天照大御神は、国を譲り受けた代わりに高天原の諸神に命じて宇迦山の麓に壮大なる宮殿を造営させ、その宮殿を天日隅宮【あめのひすみのみや】と称して大国主命の住居として与えたことになっている。この神話が出雲大社の起源とされる。

素鵞社【そがのやしろ】:御本殿北側にある素鵞社の御祭神は素戔嗚尊【スサノオノミコト】で、八岐大蛇【ヤマタノオロチ】を退治したことでも有名で、天照大御神【アマテラスオオミカミ】の弟神であり、大国主命の親神でもある。稲佐の浜で採取した砂は素鵞社の左右奥側の三か所にある砂場に奉納し、代わりの砂をそこから拝領する。

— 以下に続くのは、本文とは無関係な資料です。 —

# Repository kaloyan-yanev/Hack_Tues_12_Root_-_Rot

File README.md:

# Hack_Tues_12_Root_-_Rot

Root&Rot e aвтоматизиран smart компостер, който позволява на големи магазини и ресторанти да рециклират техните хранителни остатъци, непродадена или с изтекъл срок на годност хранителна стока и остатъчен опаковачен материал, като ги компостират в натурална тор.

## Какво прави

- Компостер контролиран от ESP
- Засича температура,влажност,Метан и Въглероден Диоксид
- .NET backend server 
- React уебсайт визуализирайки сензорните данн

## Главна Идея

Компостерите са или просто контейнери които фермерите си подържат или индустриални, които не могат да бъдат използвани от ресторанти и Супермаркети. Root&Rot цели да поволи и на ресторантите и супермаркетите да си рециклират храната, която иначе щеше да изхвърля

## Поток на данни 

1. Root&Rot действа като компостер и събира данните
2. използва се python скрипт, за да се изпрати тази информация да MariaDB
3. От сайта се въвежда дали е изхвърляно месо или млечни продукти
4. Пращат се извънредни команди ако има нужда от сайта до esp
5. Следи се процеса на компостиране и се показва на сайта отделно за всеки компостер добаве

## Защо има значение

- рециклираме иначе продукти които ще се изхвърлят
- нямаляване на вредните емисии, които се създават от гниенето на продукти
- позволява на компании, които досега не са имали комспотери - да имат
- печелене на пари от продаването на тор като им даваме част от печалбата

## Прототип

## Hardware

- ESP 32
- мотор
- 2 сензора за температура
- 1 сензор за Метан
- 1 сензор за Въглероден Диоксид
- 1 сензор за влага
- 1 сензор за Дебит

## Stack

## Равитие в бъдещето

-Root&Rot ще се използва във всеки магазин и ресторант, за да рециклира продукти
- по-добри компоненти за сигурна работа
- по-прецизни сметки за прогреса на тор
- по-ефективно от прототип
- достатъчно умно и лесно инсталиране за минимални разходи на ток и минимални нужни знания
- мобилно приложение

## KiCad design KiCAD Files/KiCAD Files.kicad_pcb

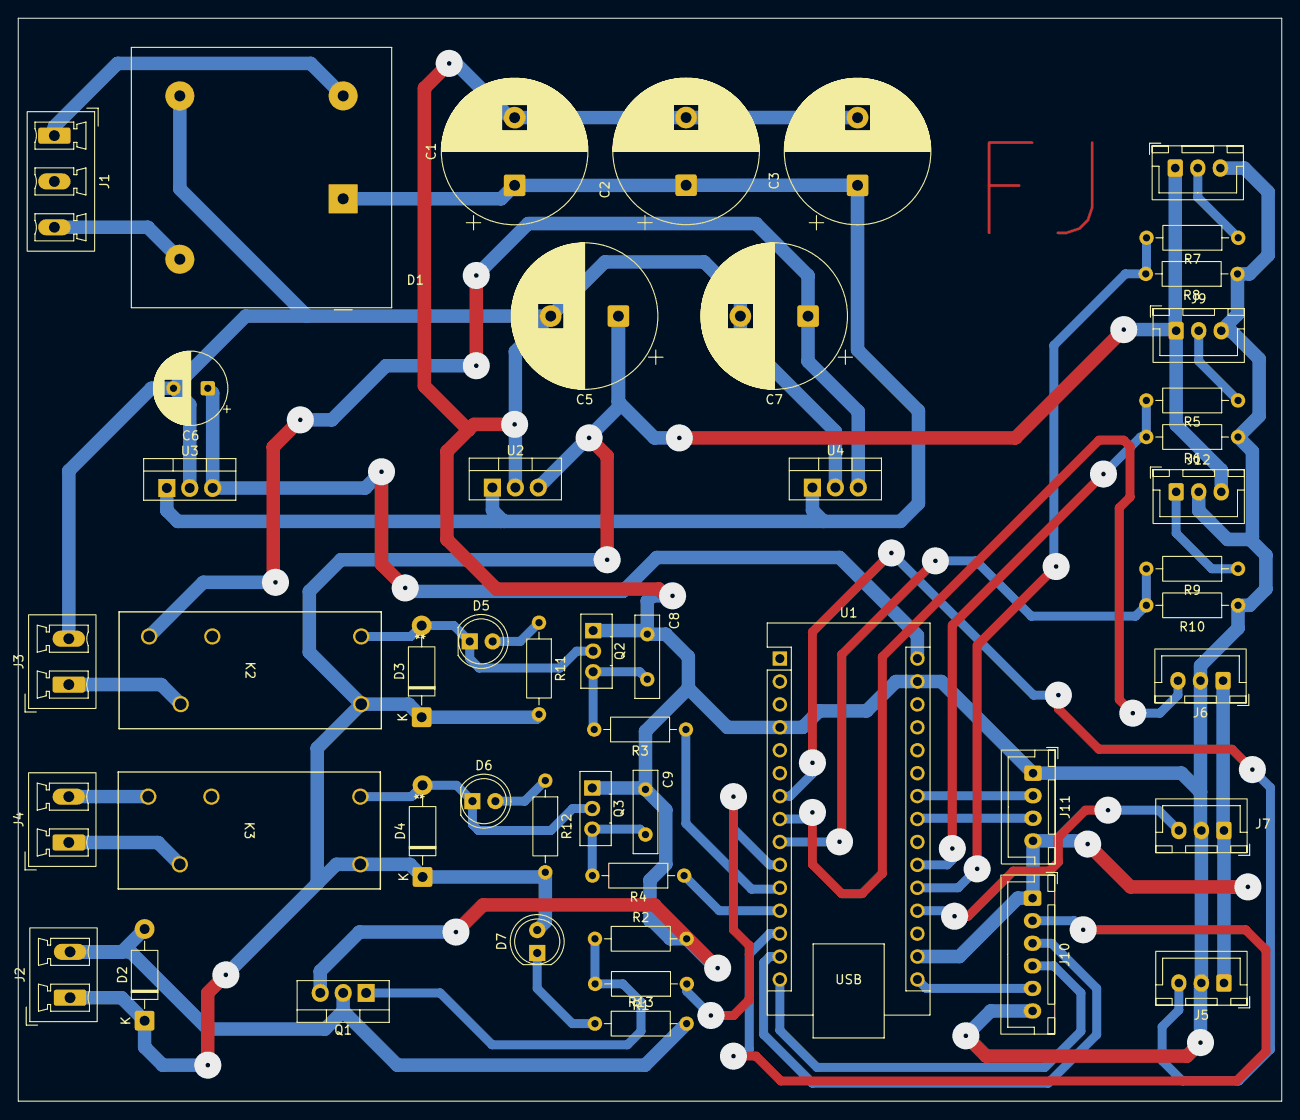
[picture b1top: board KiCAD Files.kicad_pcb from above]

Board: 2 copper layers, 140.0 x 120.0 mm, 49 parts (0 on the bottom side), 38 nets.

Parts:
C1, C2, C3, C5, C7: 4700uF; CP_Radial_D16.0mm_P7.50mm
C6: 100uF; CP_Radial_D8.0mm_P3.80mm
C8, C9: 100nF; C_Disc_D9.0mm_W2.5mm_P5.00mm
D1: KBPC3510W; Diode_Bridge_GeneSiC_KBPC_W
D2, D3, D4: 1N4007; D_DO-41_SOD81_P10.16mm_Horizontal
D5, D6, D7: LED; LED_D5.0mm
J1: Power-Input; PhoenixContact_MCV_1,5_3-G-5.08_1x03_P5.08mm_Vertical
J2: Pump-Conn; PhoenixContact_MCV_1,5_2-G-5.08_1x02_P5.08mm_Vertical
J3: Chopper-Conn; PhoenixContact_MCV_1,5_2-G-5.08_1x02_P5.08mm_Vertical
J4: Heater-Conn; PhoenixContact_MCV_1,5_2-G-5.08_1x02_P5.08mm_Vertical
J5: Term-1; JST_XH_B3B-XH-A_1x03_P2.50mm_Vertical
J6: Term-2; JST_XH_B3B-XH-A_1x03_P2.50mm_Vertical
J7: Humidity; JST_XH_B3B-XH-A_1x03_P2.50mm_Vertical
J8: MQ-2-Methane; JST_XH_B3B-XH-A_1x03_P2.50mm_Vertical
J9: MQ-135-CO2; JST_XH_B3B-XH-A_1x03_P2.50mm_Vertical
J10: SPI-Expansion; JST_XH_B6B-XH-A_1x06_P2.50mm_Vertical
J11: I2C-Expansion; JST_XH_B4B-XH-A_1x04_P2.50mm_Vertical
J12: Flow; JST_XH_B3B-XH-A_1x03_P2.50mm_Vertical
K2: Chopper-Relay; RELAY_G2R-1 AC12_OMR
K3: Heater-Relay; RELAY_G2R-1 AC12_OMR
Q1: IRFZ44N; TO-220-3_Vertical
Q2, Q3: BD139; TO-126-3_Vertical
R1, R11, R12, R13: 100; R_Axial_DIN0207_L6.3mm_D2.5mm_P10.16mm_Horizontal
R2, R5, R7, R9: 10K; R_Axial_DIN0207_L6.3mm_D2.5mm_P10.16mm_Horizontal
R3, R4: 220; R_Axial_DIN0207_L6.3mm_D2.5mm_P10.16mm_Horizontal
R6, R8, R10: 20K; R_Axial_DIN0207_L6.3mm_D2.5mm_P10.16mm_Horizontal
U1: Arduino_Nano_ESP32; Arduino_Nano
U2: LM7805; TO-220-3_Vertical
U3: LM7808; TO-220-3_Vertical
U4: LM7812; TO-220-3_Vertical

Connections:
+3.3V: J5.1, J6.1, J7.1, J10.1, J11.4, U1.17 (3V3)
+5V: C5.1, D2.1 (K), D3.1 (K), D4.1 (K), D7.2 (A), J2.1, J8.1, J9.1, J12.3, K2.5, K3.5, R11.2, R12.2, U2.3 (VO)
+8V: C6.1, U1.30 (VIN), U3.3 (VO)
+12V: C7.1, K2.3, U4.3 (VO)
/CO2: R5.2, R6.2, U1.21 (A2)
/Chopper: R3.1, U1.11 (D8)
/Flow: R9.2, R10.2, U1.9 (D6)
/Heater: R4.1, U1.12 (D9)
/Humidity: J7.3, U1.19 (A0)
/Methane: R7.2, R8.2, U1.20 (A1)
/Pump: R1.1, U1.10 (D7)
/Term-1: J5.3, U1.7 (D4)
/Term-2: J6.3, U1.8 (D5)
GND: C1.2, C2.2, C3.2, C5.2, C6.2, C7.2, C8.2, C9.2, D1.3 (-), J3.2, J5.2, J6.2, J7.2, J8.3, J9.3, J10.6, J11.1, J12.2, Q1.3 (S), Q2.1 (E), Q3.1 (E), R2.2, R6.1, R8.1, R10.1, U1.4 (GND), U1.29 (GND), U2.2 (GND), U3.2 (GND), U4.2 (GND)
unnamed: D2.2 (A), J2.2, Q1.2 (D), R13.2
unnamed: D3.2 (A), D5.1 (K), K2.1, Q2.2 (C)
unnamed: D4.2 (A), D6.1 (K), K3.1, Q3.2 (C)
unnamed: D5.2 (A), R11.1
unnamed: D6.2 (A), R12.1
unnamed: D7.1 (K), R13.1
unnamed: D1.4, J1.1
unnamed: D1.2, J1.3
unnamed: J3.1, K2.4
unnamed: J4.1, K3.4
unnamed: J4.2, K3.3
unnamed: J8.2, R7.1
unnamed: J9.2, R5.1
unnamed: J10.2, U1.13 (D10/CS)
unnamed: J10.3, U1.14 (D11/COPI)
unnamed: J10.4, U1.15 (D12/CIPO)
unnamed: J10.5, U1.16 (D13/SCK)
unnamed: J11.2, U1.24 (SCL/A5)
unnamed: J11.3, U1.23 (SDA/A4)
unnamed: J12.1, R9.1
unnamed: Q1.1 (G), R1.2, R2.1
unnamed: C8.1, Q2.3 (B), R3.2
unnamed: C9.1, Q3.3 (B), R4.2
VS: C1.1, C2.1, C3.1, D1.1 (+), U2.1 (VI), U3.1 (VI), U4.1 (VI)

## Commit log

2026-03-26 Created KiCAD Project
2026-03-26 Fixed folders
2026-03-26 Added the SQL query for database creation
2026-03-26 initial webapp structure with needed folders for organization
2026-03-26 Scaffolded the database succesfully
2026-03-26 started adding controllers and services but committing so that we can clone the branch
2026-03-26 WiFi connection established
2026-03-26 refactored most of the services and continued with ComposterService still need to look at .NET Indentity
2026-03-26 Schematic-V1
2026-03-26 left to do Core Identity and JWT token generation
2026-03-26 Added pages and routing
2026-03-26 Schematic-V2-Add-Flow-Control
2026-03-26 Schemati-Rearranged
2026-03-26 Schematic-Footprints+LEDs
2026-03-26 Layout-Designed
2026-03-26 Added a NavBar to the main page, made the login and signup look far better
2026-03-26 Manually-Routed-V1
2026-03-26 mqtt communication established
2026-03-26 Finalized-2-Layer
2026-03-26 Single-Layer-PCB
2026-03-26 Single-Layer-Big-Pads
2026-03-26 Added-Shielding
2026-03-26 Added-Thermal-Releaves
2026-03-26 Backend should be done only fronend fetches are left
2026-03-26 Finished the architecture for the script for receiving data from the esp32 trough mqtt
2026-03-26 added abstract functions for getting sensor information and controlling actuators
2026-03-26 mqtt sends json sensor information. We are testing with dummy functions for the sensors
2026-03-27 Changed the code to accommodate for the actual format of the json message that is going to be sent
2026-03-27 fetches need to be done still testing endpoints
2026-03-27 Installed IdentityModel.Tokens package and let Rider make it's changes
2026-03-27 Fixed wrong row name in query
2026-03-27 added methane levels monitoring and adaptable stirring(If there is methane the compost needs oxygen and oxygen is supplied by stirring it)
2026-03-27 wil delete some folders so commiting before that
    will use version control if needed
2026-03-27 Wrote scripts for sending stir signal and temperature threshold value
2026-03-27 fixed the problems with cache files and edited the database
2026-03-27 Removed unncessary files
2026-03-27 Autherization working tested with postman Scripts left and database manipulation
2026-03-27 patched up an error with StirTor
2026-03-27 Finished the architecture for the script for receiving data from the esp32 trough mqtt
    Merged my changes, which consist of adding the python scripts and configuring gitignore
2026-03-27 Added the python scripts to Server Solution and updated gitignore to ignore files changed by IDE
2026-03-27 added the missing slnx file
2026-03-27 fixed backend will connect fronend to backend
2026-03-27 FIxing git
2026-03-27 fixed frontend
2026-03-27 added Cors and policy
2026-03-27 Fighting with fetches
2026-03-27 fixed json conversion on frontend
2026-03-27 EVERYTHING IN THE FRONT END WORKS
2026-03-27 added code for python scripts
2026-03-27 completed code with sensor and actuator logic that runs on esp32 s3 dev board
2026-03-27 rewrited relay logic to work active low
2026-03-27 Created a new database for storing composter data history
2026-03-27 Added bools in database and made the DbContext accurate
2026-03-27 have the same problem as 12 hours ago but forgot how to fix it we now run the file with dotnet run
2026-03-28 Added emoji buttons
2026-03-28 Got algorithm to check progress
2026-03-28 working on the emoji buttons
2026-03-28 Fixed errors
2026-03-28 Code tested with hardware and everything is working
2026-03-28 finally working icons and python script execution
2026-03-28 Redesigned&Fixed-Final-PCB
2026-03-28 Code with demonstration purposes
2026-03-28 presentation
2026-03-28 Final push
2026-03-28 rot was doubled
2026-03-28 final commit
2026-04-02 testing if i can push
2026-04-23 Final changes to the server and client of the webapp
    done by Georgi15

大国主命には異なる神名が多くある。その一つに所造天下大神【あめのしたつくらししおおかみ】があるが、それは神代に日本人の遠い祖先たちと、喜びや悲しみを共にしながら、国土を開拓された事に由来しており、これが「国づくり」の大業と呼ばれているものである。

十九社:ここの御祭神は八百萬神【やおよろずのかみ】で、旧暦十月に全国の神々がこの出雲大社に集まるとされるが、十九社は神々の宿舎に充てられると伝わる。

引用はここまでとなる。